New Italian govt vows to create jobs, deport migrants

New Italian govt vows to create jobs, deport migrants

New Italian govt vows to create jobs, deport migrants

An anti-establishment government will be sworn in Friday in Italy after a last-ditch coalition deal was hammered out to end months of political deadlock, narrowly avoiding snap elections in the eurozone's third largest economy.

The 53-year-old academic heads a government of ministers from the anti-establishment Five Star Movement (M5S) and the far-right League Party, the first populist coalition in a founding European Union member.

Prime Minister-designate Giuseppe Conte initially dropped his bid to lead a coalition after President Sergio Mattarella blocked Conte's initial choice for economy minister because of his euroskeptic views, which cast doubt on the ability of parties to form a government.

Italy's inconclusive parliamentary election in March produced months of political stalemate before Mattarella asked Conte to try to form a government.

Conte, 53, who has been criticised as being a "Mr Nobody", named hardline anti-migrant Salvini as interior minister, while Di Maio will become minister for economic development.

Mr Salvini pointed to polls showing support for his party up ten per cent since March 4 elections left Italy without a working government.

Euroskeptic politicians cheered and Milan's stock index rose Friday after Italy's populists staved off the threat of a new election and formed western Europe's first populist government with a last-minute compromise.
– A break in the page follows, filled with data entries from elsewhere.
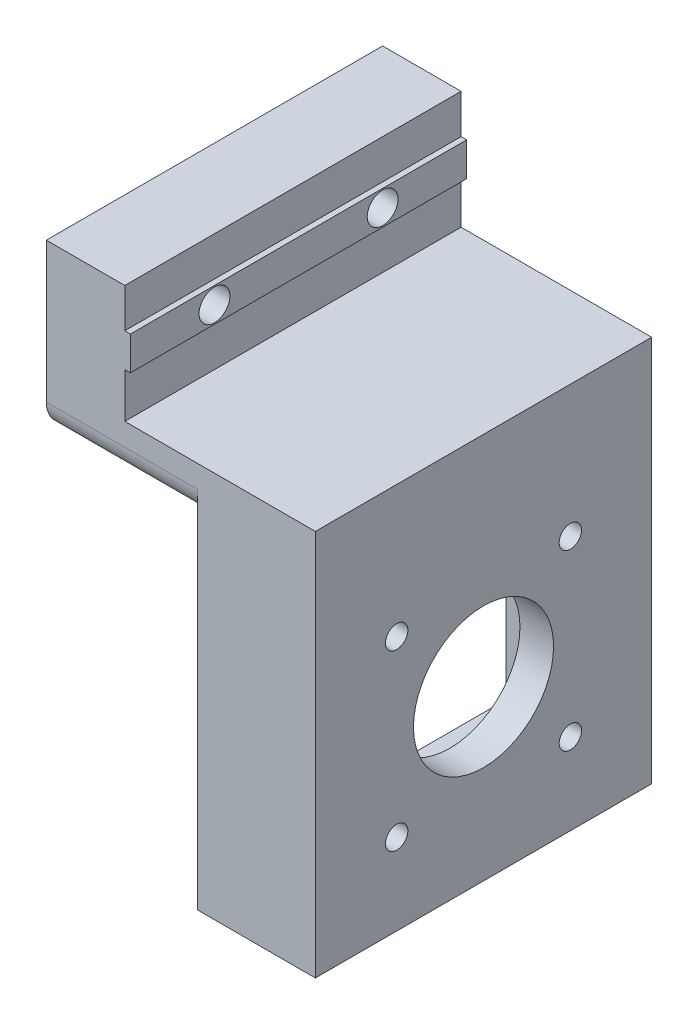
ISO-10303-21;
HEADER;
FILE_DESCRIPTION(('STEP AP214'),'2;1');
FILE_NAME('part.step','',(''),(''),'','','');
FILE_SCHEMA(('AUTOMOTIVE_DESIGN { 1 0 10303 214 1 1 1 1 }'));
ENDSEC;
DATA;
#1=APPLICATION_CONTEXT('core data for automotive mechanical design processes');
#2=APPLICATION_PROTOCOL_DEFINITION('international standard','automotive_design',2000,#1);
#3=PRODUCT_CONTEXT('',#1,'mechanical');
#4=PRODUCT('Part','Part','',(#3));
#5=PRODUCT_RELATED_PRODUCT_CATEGORY('part','',(#4));
#6=PRODUCT_DEFINITION_FORMATION('','',#4);
#7=PRODUCT_DEFINITION_CONTEXT('part definition',#1,'design');
#8=PRODUCT_DEFINITION('design','',#6,#7);
#9=PRODUCT_DEFINITION_SHAPE('','',#8);
#10=(LENGTH_UNIT() NAMED_UNIT(*) SI_UNIT(.MILLI.,.METRE.));
#11=(NAMED_UNIT(*) PLANE_ANGLE_UNIT() SI_UNIT($,.RADIAN.));
#12=(NAMED_UNIT(*) SI_UNIT($,.STERADIAN.) SOLID_ANGLE_UNIT());
#13=UNCERTAINTY_MEASURE_WITH_UNIT(LENGTH_MEASURE(1.E-05),#10,'distance_accuracy_value','');
#14=(GEOMETRIC_REPRESENTATION_CONTEXT(3) GLOBAL_UNCERTAINTY_ASSIGNED_CONTEXT((#13)) GLOBAL_UNIT_ASSIGNED_CONTEXT((#10,
#11,#12)) REPRESENTATION_CONTEXT('',''));
#15=CARTESIAN_POINT('',(0.,0.,0.));
#16=DIRECTION('',(0.,0.,1.));
#17=DIRECTION('',(1.,0.,0.));
#18=AXIS2_PLACEMENT_3D('',#15,#16,#17);
#19=CARTESIAN_POINT('',(48.001,-9.99999999999999,45.));
#20=DIRECTION('',(-1.,0.,0.));
#21=DIRECTION('',(0.,-1.,0.));
#22=AXIS2_PLACEMENT_3D('',#19,#20,#21);
#23=CYLINDRICAL_SURFACE('',#22,2.75);
#24=CARTESIAN_POINT('',(15.,-10.,45.));
#25=DIRECTION('',(1.,0.,0.));
#26=DIRECTION('',(0.,0.,-1.));
#27=AXIS2_PLACEMENT_3D('',#24,#25,#26);
#28=CIRCLE('',#27,2.75);
#29=CARTESIAN_POINT('',(15.,-10.,42.25));
#30=VERTEX_POINT('',#29);
#31=EDGE_CURVE('E307',#30,#30,#28,.F.);
#32=ORIENTED_EDGE('',*,*,#31,.F.);
#33=EDGE_LOOP('',(#32));
#34=FACE_BOUND('',#33,.T.);
#35=CARTESIAN_POINT('',(8.,-10.,45.));
#36=DIRECTION('',(-1.,0.,0.));
#37=DIRECTION('',(0.,-1.,0.));
#38=AXIS2_PLACEMENT_3D('',#35,#36,#37);
#39=CIRCLE('',#38,2.75);
#40=CARTESIAN_POINT('',(8.,-12.75,45.));
#41=VERTEX_POINT('',#40);
#42=EDGE_CURVE('E303',#41,#41,#39,.F.);
#43=ORIENTED_EDGE('',*,*,#42,.F.);
#44=EDGE_LOOP('',(#43));
#45=FACE_BOUND('',#44,.T.);
#46=ADVANCED_FACE('F39',(#34,#45),#23,.F.);
#47=CARTESIAN_POINT('',(48.001,-9.99999999999999,15.));
#48=DIRECTION('',(-1.,0.,0.));
#49=DIRECTION('',(0.,-1.,0.));
#50=AXIS2_PLACEMENT_3D('',#47,#48,#49);
#51=CYLINDRICAL_SURFACE('',#50,2.75);
#52=CARTESIAN_POINT('',(15.,-10.,15.));
#53=DIRECTION('',(1.,0.,0.));
#54=DIRECTION('',(0.,0.,-1.));
#55=AXIS2_PLACEMENT_3D('',#52,#53,#54);
#56=CIRCLE('',#55,2.75);
#57=CARTESIAN_POINT('',(15.,-10.,12.25));
#58=VERTEX_POINT('',#57);
#59=EDGE_CURVE('E669',#58,#58,#56,.F.);
#60=ORIENTED_EDGE('',*,*,#59,.F.);
#61=EDGE_LOOP('',(#60));
#62=FACE_BOUND('',#61,.T.);
#63=CARTESIAN_POINT('',(8.,-10.,15.));
#64=DIRECTION('',(-1.,0.,0.));
#65=DIRECTION('',(0.,-1.,0.));
#66=AXIS2_PLACEMENT_3D('',#63,#64,#65);
#67=CIRCLE('',#66,2.75);
#68=CARTESIAN_POINT('',(8.,-12.75,15.));
#69=VERTEX_POINT('',#68);
#70=EDGE_CURVE('E300',#69,#69,#67,.F.);
#71=ORIENTED_EDGE('',*,*,#70,.F.);
#72=EDGE_LOOP('',(#71));
#73=FACE_BOUND('',#72,.T.);
#74=ADVANCED_FACE('F370',(#62,#73),#51,.F.);
#75=CARTESIAN_POINT('',(14.,-21.,60.));
#76=DIRECTION('',(-1.,0.,0.));
#77=DIRECTION('',(0.,0.,1.));
#78=AXIS2_PLACEMENT_3D('',#75,#76,#77);
#79=PLANE('',#78);
#80=DIRECTION('',(0.,0.,-1.));
#81=VECTOR('',#80,1.);
#82=CARTESIAN_POINT('',(14.,-13.,60.));
#83=LINE('',#82,#81);
#84=CARTESIAN_POINT('',(14.,-13.,60.));
#85=VERTEX_POINT('',#84);
#86=CARTESIAN_POINT('',(14.,-13.,0.));
#87=VERTEX_POINT('',#86);
#88=EDGE_CURVE('E672',#85,#87,#83,.T.);
#89=ORIENTED_EDGE('',*,*,#88,.F.);
#90=DIRECTION('',(0.,1.,0.));
#91=VECTOR('',#90,1.);
#92=CARTESIAN_POINT('',(14.,-21.,60.));
#93=LINE('',#92,#91);
#94=CARTESIAN_POINT('',(14.,-21.,60.));
#95=VERTEX_POINT('',#94);
#96=EDGE_CURVE('E182',#95,#85,#93,.T.);
#97=ORIENTED_EDGE('',*,*,#96,.F.);
#98=DIRECTION('',(0.,0.,-1.));
#99=VECTOR('',#98,1.);
#100=CARTESIAN_POINT('',(14.,-21.,60.));
#101=LINE('',#100,#99);
#102=CARTESIAN_POINT('',(14.,-21.,0.));
#103=VERTEX_POINT('',#102);
#104=EDGE_CURVE('E281',#95,#103,#101,.T.);
#105=ORIENTED_EDGE('',*,*,#104,.T.);
#106=DIRECTION('',(0.,1.,0.));
#107=VECTOR('',#106,1.);
#108=CARTESIAN_POINT('',(14.,-21.,0.));
#109=LINE('',#108,#107);
#110=EDGE_CURVE('E256',#103,#87,#109,.T.);
#111=ORIENTED_EDGE('',*,*,#110,.T.);
#112=EDGE_LOOP('',(#89,#97,#105,#111));
#113=FACE_BOUND('',#112,.T.);
#114=ADVANCED_FACE('F377',(#113),#79,.F.);
#115=DIRECTION('',(0.,0.,1.));
#116=VECTOR('',#115,1.);
#117=CARTESIAN_POINT('',(14.,-7.,60.));
#118=LINE('',#117,#116);
#119=CARTESIAN_POINT('',(14.,-6.99999999999999,0.));
#120=VERTEX_POINT('',#119);
#121=CARTESIAN_POINT('',(14.,-7.,60.));
#122=VERTEX_POINT('',#121);
#123=EDGE_CURVE('E176',#120,#122,#118,.T.);
#124=ORIENTED_EDGE('',*,*,#123,.F.);
#125=CARTESIAN_POINT('',(14.,0.,0.));
#126=VERTEX_POINT('',#125);
#127=EDGE_CURVE('E277',#120,#126,#109,.T.);
#128=ORIENTED_EDGE('',*,*,#127,.T.);
#129=DIRECTION('',(0.,0.,-1.));
#130=VECTOR('',#129,1.);
#131=CARTESIAN_POINT('',(14.,0.,60.));
#132=LINE('',#131,#130);
#133=CARTESIAN_POINT('',(14.,0.,60.));
#134=VERTEX_POINT('',#133);
#135=EDGE_CURVE('E266',#134,#126,#132,.T.);
#136=ORIENTED_EDGE('',*,*,#135,.F.);
#137=EDGE_CURVE('E264',#122,#134,#93,.T.);
#138=ORIENTED_EDGE('',*,*,#137,.F.);
#139=EDGE_LOOP('',(#124,#128,#136,#138));
#140=FACE_BOUND('',#139,.T.);
#141=ADVANCED_FACE('F480',(#140),#79,.F.);
#142=CARTESIAN_POINT('',(0.,-30.,60.));
#143=DIRECTION('',(0.,1.,0.));
#144=DIRECTION('',(0.,0.,1.));
#145=AXIS2_PLACEMENT_3D('',#142,#143,#144);
#146=PLANE('',#145);
#147=DIRECTION('',(1.,0.,0.));
#148=VECTOR('',#147,1.);
#149=CARTESIAN_POINT('',(27.,-30.,55.));
#150=LINE('',#149,#148);
#151=CARTESIAN_POINT('',(27.,-30.,55.));
#152=VERTEX_POINT('',#151);
#153=CARTESIAN_POINT('',(42.,-30.,55.));
#154=VERTEX_POINT('',#153);
#155=EDGE_CURVE('E218',#152,#154,#150,.T.);
#156=ORIENTED_EDGE('',*,*,#155,.F.);
#157=DIRECTION('',(1.,0.,0.));
#158=VECTOR('',#157,1.);
#159=CARTESIAN_POINT('',(0.,-30.,55.));
#160=LINE('',#159,#158);
#161=CARTESIAN_POINT('',(0.,-30.,55.));
#162=VERTEX_POINT('',#161);
#163=EDGE_CURVE('E313',#152,#162,#160,.F.);
#164=ORIENTED_EDGE('',*,*,#163,.T.);
#165=DIRECTION('',(0.,0.,-1.));
#166=VECTOR('',#165,1.);
#167=CARTESIAN_POINT('',(0.,-30.,60.));
#168=LINE('',#167,#166);
#169=CARTESIAN_POINT('',(0.,-30.,5.));
#170=VERTEX_POINT('',#169);
#171=EDGE_CURVE('E293',#162,#170,#168,.T.);
#172=ORIENTED_EDGE('',*,*,#171,.T.);
#173=DIRECTION('',(1.,0.,0.));
#174=VECTOR('',#173,1.);
#175=CARTESIAN_POINT('',(0.,-30.,5.));
#176=LINE('',#175,#174);
#177=CARTESIAN_POINT('',(27.,-30.,5.));
#178=VERTEX_POINT('',#177);
#179=EDGE_CURVE('E310',#170,#178,#176,.T.);
#180=ORIENTED_EDGE('',*,*,#179,.T.);
#181=DIRECTION('',(1.,0.,0.));
#182=VECTOR('',#181,1.);
#183=CARTESIAN_POINT('',(27.,-30.,5.));
#184=LINE('',#183,#182);
#185=CARTESIAN_POINT('',(42.,-30.,5.));
#186=VERTEX_POINT('',#185);
#187=EDGE_CURVE('E205',#178,#186,#184,.T.);
#188=ORIENTED_EDGE('',*,*,#187,.T.);
#189=DIRECTION('',(0.,0.,-1.));
#190=VECTOR('',#189,1.);
#191=CARTESIAN_POINT('',(42.,-30.,60.));
#192=LINE('',#191,#190);
#193=EDGE_CURVE('E290',#154,#186,#192,.T.);
#194=ORIENTED_EDGE('',*,*,#193,.F.);
#195=EDGE_LOOP('',(#156,#164,#172,#180,#188,#194));
#196=FACE_BOUND('',#195,.T.);
#197=ADVANCED_FACE('F331',(#196),#146,.F.);
#198=CARTESIAN_POINT('',(42.,-30.,60.));
#199=DIRECTION('',(1.,0.,0.));
#200=DIRECTION('',(0.,0.,-1.));
#201=AXIS2_PLACEMENT_3D('',#198,#199,#200);
#202=PLANE('',#201);
#203=CARTESIAN_POINT('',(42.,-44.5,45.5));
#204=DIRECTION('',(1.,0.,0.));
#205=DIRECTION('',(0.,0.,-1.));
#206=AXIS2_PLACEMENT_3D('',#203,#204,#205);
#207=CIRCLE('',#206,2.);
#208=CARTESIAN_POINT('',(42.,-44.5,43.5));
#209=VERTEX_POINT('',#208);
#210=EDGE_CURVE('E248',#209,#209,#207,.F.);
#211=ORIENTED_EDGE('',*,*,#210,.F.);
#212=EDGE_LOOP('',(#211));
#213=FACE_BOUND('',#212,.T.);
#214=CARTESIAN_POINT('',(42.,-60.,30.));
#215=DIRECTION('',(1.,0.,0.));
#216=DIRECTION('',(0.,0.,-1.));
#217=AXIS2_PLACEMENT_3D('',#214,#215,#216);
#218=CIRCLE('',#217,12.5);
#219=CARTESIAN_POINT('',(42.,-60.,17.5));
#220=VERTEX_POINT('',#219);
#221=EDGE_CURVE('E221',#220,#220,#218,.F.);
#222=ORIENTED_EDGE('',*,*,#221,.F.);
#223=EDGE_LOOP('',(#222));
#224=FACE_BOUND('',#223,.T.);
#225=CARTESIAN_POINT('',(42.,-75.5,14.5));
#226=DIRECTION('',(1.,0.,0.));
#227=DIRECTION('',(0.,0.,-1.));
#228=AXIS2_PLACEMENT_3D('',#225,#226,#227);
#229=CIRCLE('',#228,2.);
#230=CARTESIAN_POINT('',(42.,-75.5,12.5));
#231=VERTEX_POINT('',#230);
#232=EDGE_CURVE('E222',#231,#231,#229,.F.);
#233=ORIENTED_EDGE('',*,*,#232,.F.);
#234=EDGE_LOOP('',(#233));
#235=FACE_BOUND('',#234,.T.);
#236=CARTESIAN_POINT('',(42.,-75.5,45.5));
#237=DIRECTION('',(1.,0.,0.));
#238=DIRECTION('',(0.,0.,-1.));
#239=AXIS2_PLACEMENT_3D('',#236,#237,#238);
#240=CIRCLE('',#239,2.);
#241=CARTESIAN_POINT('',(42.,-75.5,43.5));
#242=VERTEX_POINT('',#241);
#243=EDGE_CURVE('E229',#242,#242,#240,.F.);
#244=ORIENTED_EDGE('',*,*,#243,.F.);
#245=EDGE_LOOP('',(#244));
#246=FACE_BOUND('',#245,.T.);
#247=CARTESIAN_POINT('',(42.,-44.5,14.5));
#248=DIRECTION('',(1.,0.,0.));
#249=DIRECTION('',(0.,0.,-1.));
#250=AXIS2_PLACEMENT_3D('',#247,#248,#249);
#251=CIRCLE('',#250,2.);
#252=CARTESIAN_POINT('',(42.,-44.5,12.5));
#253=VERTEX_POINT('',#252);
#254=EDGE_CURVE('E234',#253,#253,#251,.F.);
#255=ORIENTED_EDGE('',*,*,#254,.F.);
#256=EDGE_LOOP('',(#255));
#257=FACE_BOUND('',#256,.T.);
#258=DIRECTION('',(0.,-1.,0.));
#259=VECTOR('',#258,1.);
#260=CARTESIAN_POINT('',(42.,-30.,55.));
#261=LINE('',#260,#259);
#262=CARTESIAN_POINT('',(42.,-85.,55.));
#263=VERTEX_POINT('',#262);
#264=EDGE_CURVE('E183',#154,#263,#261,.T.);
#265=ORIENTED_EDGE('',*,*,#264,.F.);
#266=ORIENTED_EDGE('',*,*,#193,.T.);
#267=DIRECTION('',(0.,1.,0.));
#268=VECTOR('',#267,1.);
#269=CARTESIAN_POINT('',(42.,-85.,5.));
#270=LINE('',#269,#268);
#271=CARTESIAN_POINT('',(42.,-85.,5.));
#272=VERTEX_POINT('',#271);
#273=EDGE_CURVE('E194',#272,#186,#270,.T.);
#274=ORIENTED_EDGE('',*,*,#273,.F.);
#275=DIRECTION('',(0.,0.,-1.));
#276=VECTOR('',#275,1.);
#277=CARTESIAN_POINT('',(42.,-85.,55.));
#278=LINE('',#277,#276);
#279=EDGE_CURVE('E186',#263,#272,#278,.T.);
#280=ORIENTED_EDGE('',*,*,#279,.F.);
#281=EDGE_LOOP('',(#265,#266,#274,#280));
#282=FACE_BOUND('',#281,.T.);
#283=ADVANCED_FACE('F355',(#213,#224,#235,#246,#257,#282),#202,.F.);
#284=CARTESIAN_POINT('',(14.,0.,60.));
#285=DIRECTION('',(0.,-1.,0.));
#286=DIRECTION('',(0.,0.,-1.));
#287=AXIS2_PLACEMENT_3D('',#284,#285,#286);
#288=PLANE('',#287);
#289=DIRECTION('',(-1.,0.,0.));
#290=VECTOR('',#289,1.);
#291=CARTESIAN_POINT('',(14.,0.,0.));
#292=LINE('',#291,#290);
#293=CARTESIAN_POINT('',(0.,0.,0.));
#294=VERTEX_POINT('',#293);
#295=EDGE_CURVE('E251',#126,#294,#292,.T.);
#296=ORIENTED_EDGE('',*,*,#295,.T.);
#297=DIRECTION('',(0.,0.,-1.));
#298=VECTOR('',#297,1.);
#299=CARTESIAN_POINT('',(0.,0.,60.));
#300=LINE('',#299,#298);
#301=CARTESIAN_POINT('',(0.,0.,60.));
#302=VERTEX_POINT('',#301);
#303=EDGE_CURVE('E296',#302,#294,#300,.T.);
#304=ORIENTED_EDGE('',*,*,#303,.F.);
#305=DIRECTION('',(-1.,0.,0.));
#306=VECTOR('',#305,1.);
#307=CARTESIAN_POINT('',(14.,0.,60.));
#308=LINE('',#307,#306);
#309=EDGE_CURVE('E252',#134,#302,#308,.T.);
#310=ORIENTED_EDGE('',*,*,#309,.F.);
#311=ORIENTED_EDGE('',*,*,#135,.T.);
#312=EDGE_LOOP('',(#296,#304,#310,#311));
#313=FACE_BOUND('',#312,.T.);
#314=ADVANCED_FACE('F344',(#313),#288,.F.);
#315=CARTESIAN_POINT('',(0.,0.,60.));
#316=DIRECTION('',(1.,0.,0.));
#317=DIRECTION('',(0.,1.,0.));
#318=AXIS2_PLACEMENT_3D('',#315,#316,#317);
#319=PLANE('',#318);
#320=CARTESIAN_POINT('',(0.,-10.,15.));
#321=DIRECTION('',(-1.,0.,0.));
#322=DIRECTION('',(0.,-1.,0.));
#323=AXIS2_PLACEMENT_3D('',#320,#321,#322);
#324=CIRCLE('',#323,6.);
#325=CARTESIAN_POINT('',(0.,-16.,15.));
#326=VERTEX_POINT('',#325);
#327=EDGE_CURVE('E657',#326,#326,#324,.T.);
#328=ORIENTED_EDGE('',*,*,#327,.F.);
#329=EDGE_LOOP('',(#328));
#330=FACE_BOUND('',#329,.T.);
#331=CARTESIAN_POINT('',(0.,-10.,45.));
#332=DIRECTION('',(-1.,0.,0.));
#333=DIRECTION('',(0.,-1.,0.));
#334=AXIS2_PLACEMENT_3D('',#331,#332,#333);
#335=CIRCLE('',#334,6.);
#336=CARTESIAN_POINT('',(0.,-16.,45.));
#337=VERTEX_POINT('',#336);
#338=EDGE_CURVE('E660',#337,#337,#335,.T.);
#339=ORIENTED_EDGE('',*,*,#338,.F.);
#340=EDGE_LOOP('',(#339));
#341=FACE_BOUND('',#340,.T.);
#342=ORIENTED_EDGE('',*,*,#171,.F.);
#343=CARTESIAN_POINT('',(0.,-25.,55.));
#344=DIRECTION('',(1.,0.,0.));
#345=DIRECTION('',(0.,1.,0.));
#346=AXIS2_PLACEMENT_3D('',#343,#344,#345);
#347=CIRCLE('',#346,5.);
#348=CARTESIAN_POINT('',(0.,-25.,60.));
#349=VERTEX_POINT('',#348);
#350=EDGE_CURVE('E317',#162,#349,#347,.F.);
#351=ORIENTED_EDGE('',*,*,#350,.T.);
#352=DIRECTION('',(0.,-1.,0.));
#353=VECTOR('',#352,1.);
#354=CARTESIAN_POINT('',(0.,0.,60.));
#355=LINE('',#354,#353);
#356=EDGE_CURVE('E255',#302,#349,#355,.T.);
#357=ORIENTED_EDGE('',*,*,#356,.F.);
#358=ORIENTED_EDGE('',*,*,#303,.T.);
#359=DIRECTION('',(0.,-1.,0.));
#360=VECTOR('',#359,1.);
#361=CARTESIAN_POINT('',(0.,0.,0.));
#362=LINE('',#361,#360);
#363=CARTESIAN_POINT('',(0.,-25.,0.));
#364=VERTEX_POINT('',#363);
#365=EDGE_CURVE('E269',#294,#364,#362,.T.);
#366=ORIENTED_EDGE('',*,*,#365,.T.);
#367=CARTESIAN_POINT('',(0.,-25.,5.));
#368=DIRECTION('',(1.,0.,0.));
#369=DIRECTION('',(0.,1.,0.));
#370=AXIS2_PLACEMENT_3D('',#367,#368,#369);
#371=CIRCLE('',#370,5.);
#372=EDGE_CURVE('E315',#364,#170,#371,.F.);
#373=ORIENTED_EDGE('',*,*,#372,.T.);
#374=EDGE_LOOP('',(#342,#351,#357,#358,#366,#373));
#375=FACE_BOUND('',#374,.T.);
#376=ADVANCED_FACE('F339',(#330,#341,#375),#319,.F.);
#377=CARTESIAN_POINT('',(42.,-90.,60.));
#378=DIRECTION('',(0.,1.,0.));
#379=DIRECTION('',(0.,0.,1.));
#380=AXIS2_PLACEMENT_3D('',#377,#378,#379);
#381=PLANE('',#380);
#382=DIRECTION('',(1.,0.,0.));
#383=VECTOR('',#382,1.);
#384=CARTESIAN_POINT('',(42.,-90.,0.));
#385=LINE('',#384,#383);
#386=CARTESIAN_POINT('',(27.,-90.,0.));
#387=VERTEX_POINT('',#386);
#388=CARTESIAN_POINT('',(48.,-90.,0.));
#389=VERTEX_POINT('',#388);
#390=EDGE_CURVE('E271',#387,#389,#385,.T.);
#391=ORIENTED_EDGE('',*,*,#390,.T.);
#392=DIRECTION('',(0.,0.,-1.));
#393=VECTOR('',#392,1.);
#394=CARTESIAN_POINT('',(48.,-90.,60.));
#395=LINE('',#394,#393);
#396=CARTESIAN_POINT('',(48.,-90.,60.));
#397=VERTEX_POINT('',#396);
#398=EDGE_CURVE('E287',#397,#389,#395,.T.);
#399=ORIENTED_EDGE('',*,*,#398,.F.);
#400=DIRECTION('',(1.,0.,0.));
#401=VECTOR('',#400,1.);
#402=CARTESIAN_POINT('',(42.,-90.,60.));
#403=LINE('',#402,#401);
#404=CARTESIAN_POINT('',(27.,-90.,60.));
#405=VERTEX_POINT('',#404);
#406=EDGE_CURVE('E258',#405,#397,#403,.T.);
#407=ORIENTED_EDGE('',*,*,#406,.F.);
#408=DIRECTION('',(0.,0.,1.));
#409=VECTOR('',#408,1.);
#410=CARTESIAN_POINT('',(27.,-90.,0.));
#411=LINE('',#410,#409);
#412=EDGE_CURVE('E193',#387,#405,#411,.T.);
#413=ORIENTED_EDGE('',*,*,#412,.F.);
#414=EDGE_LOOP('',(#391,#399,#407,#413));
#415=FACE_BOUND('',#414,.T.);
#416=ADVANCED_FACE('F600',(#415),#381,.F.);
#417=CARTESIAN_POINT('',(48.,-90.,60.));
#418=DIRECTION('',(-1.,0.,0.));
#419=DIRECTION('',(0.,0.,1.));
#420=AXIS2_PLACEMENT_3D('',#417,#418,#419);
#421=PLANE('',#420);
#422=CARTESIAN_POINT('',(48.,-44.5,14.5));
#423=DIRECTION('',(1.,0.,0.));
#424=DIRECTION('',(0.,0.,-1.));
#425=AXIS2_PLACEMENT_3D('',#422,#423,#424);
#426=CIRCLE('',#425,2.);
#427=CARTESIAN_POINT('',(48.,-44.5,12.5));
#428=VERTEX_POINT('',#427);
#429=EDGE_CURVE('E237',#428,#428,#426,.T.);
#430=ORIENTED_EDGE('',*,*,#429,.F.);
#431=EDGE_LOOP('',(#430));
#432=FACE_BOUND('',#431,.T.);
#433=CARTESIAN_POINT('',(48.,-75.5,45.5));
#434=DIRECTION('',(1.,0.,0.));
#435=DIRECTION('',(0.,0.,-1.));
#436=AXIS2_PLACEMENT_3D('',#433,#434,#435);
#437=CIRCLE('',#436,2.);
#438=CARTESIAN_POINT('',(48.,-75.5,43.5));
#439=VERTEX_POINT('',#438);
#440=EDGE_CURVE('E238',#439,#439,#437,.T.);
#441=ORIENTED_EDGE('',*,*,#440,.F.);
#442=EDGE_LOOP('',(#441));
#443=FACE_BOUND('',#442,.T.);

They made a decision to join their forces after emerging as the two most voted parties.

Conte, a law professor plucked from relative obscurity to head an unlikely governing alliance of the anti-establishment 5-Star Movement and League, said the celebrations Saturday transcended all the tensions of recent days.

This, along with claims by President of the European Commission Jean-Claude Juncker that Italy needs "more work; less corruption; [and] seriousness" rather than less EU nearly guarantee that Rome and Brussels will come into conflict sooner rather than later.

Both Luigi di Maio, leader of M5S and League chief Matteo Salvini reacted with fury at Mattarella's decision to block their nomination for Finance Minister.

The new finance minister, Giovanni Tria, told reporters inside the palace that "no political party wants Italy out of the euro". Salvini has campaigned on the promise of mass deportations of migrants and said a new government would build detention centres around Italy.

After the initial attempt to form a government failed, Mattarella picked Carlo Cottarelli as interim prime minister.

Among members of the new government is economist Paolo Savona, who created a plan for Italy's departure from the common currency.

"They are both led by young and ambitious leaders who share prime-ministerial ambitions".

"In a conference earlier on Thursday, the president of the European Commission, Jean-Claude Juncker, was reported saying that Italians had to work more and fight corruption to improve the situation in the country's impoverished south".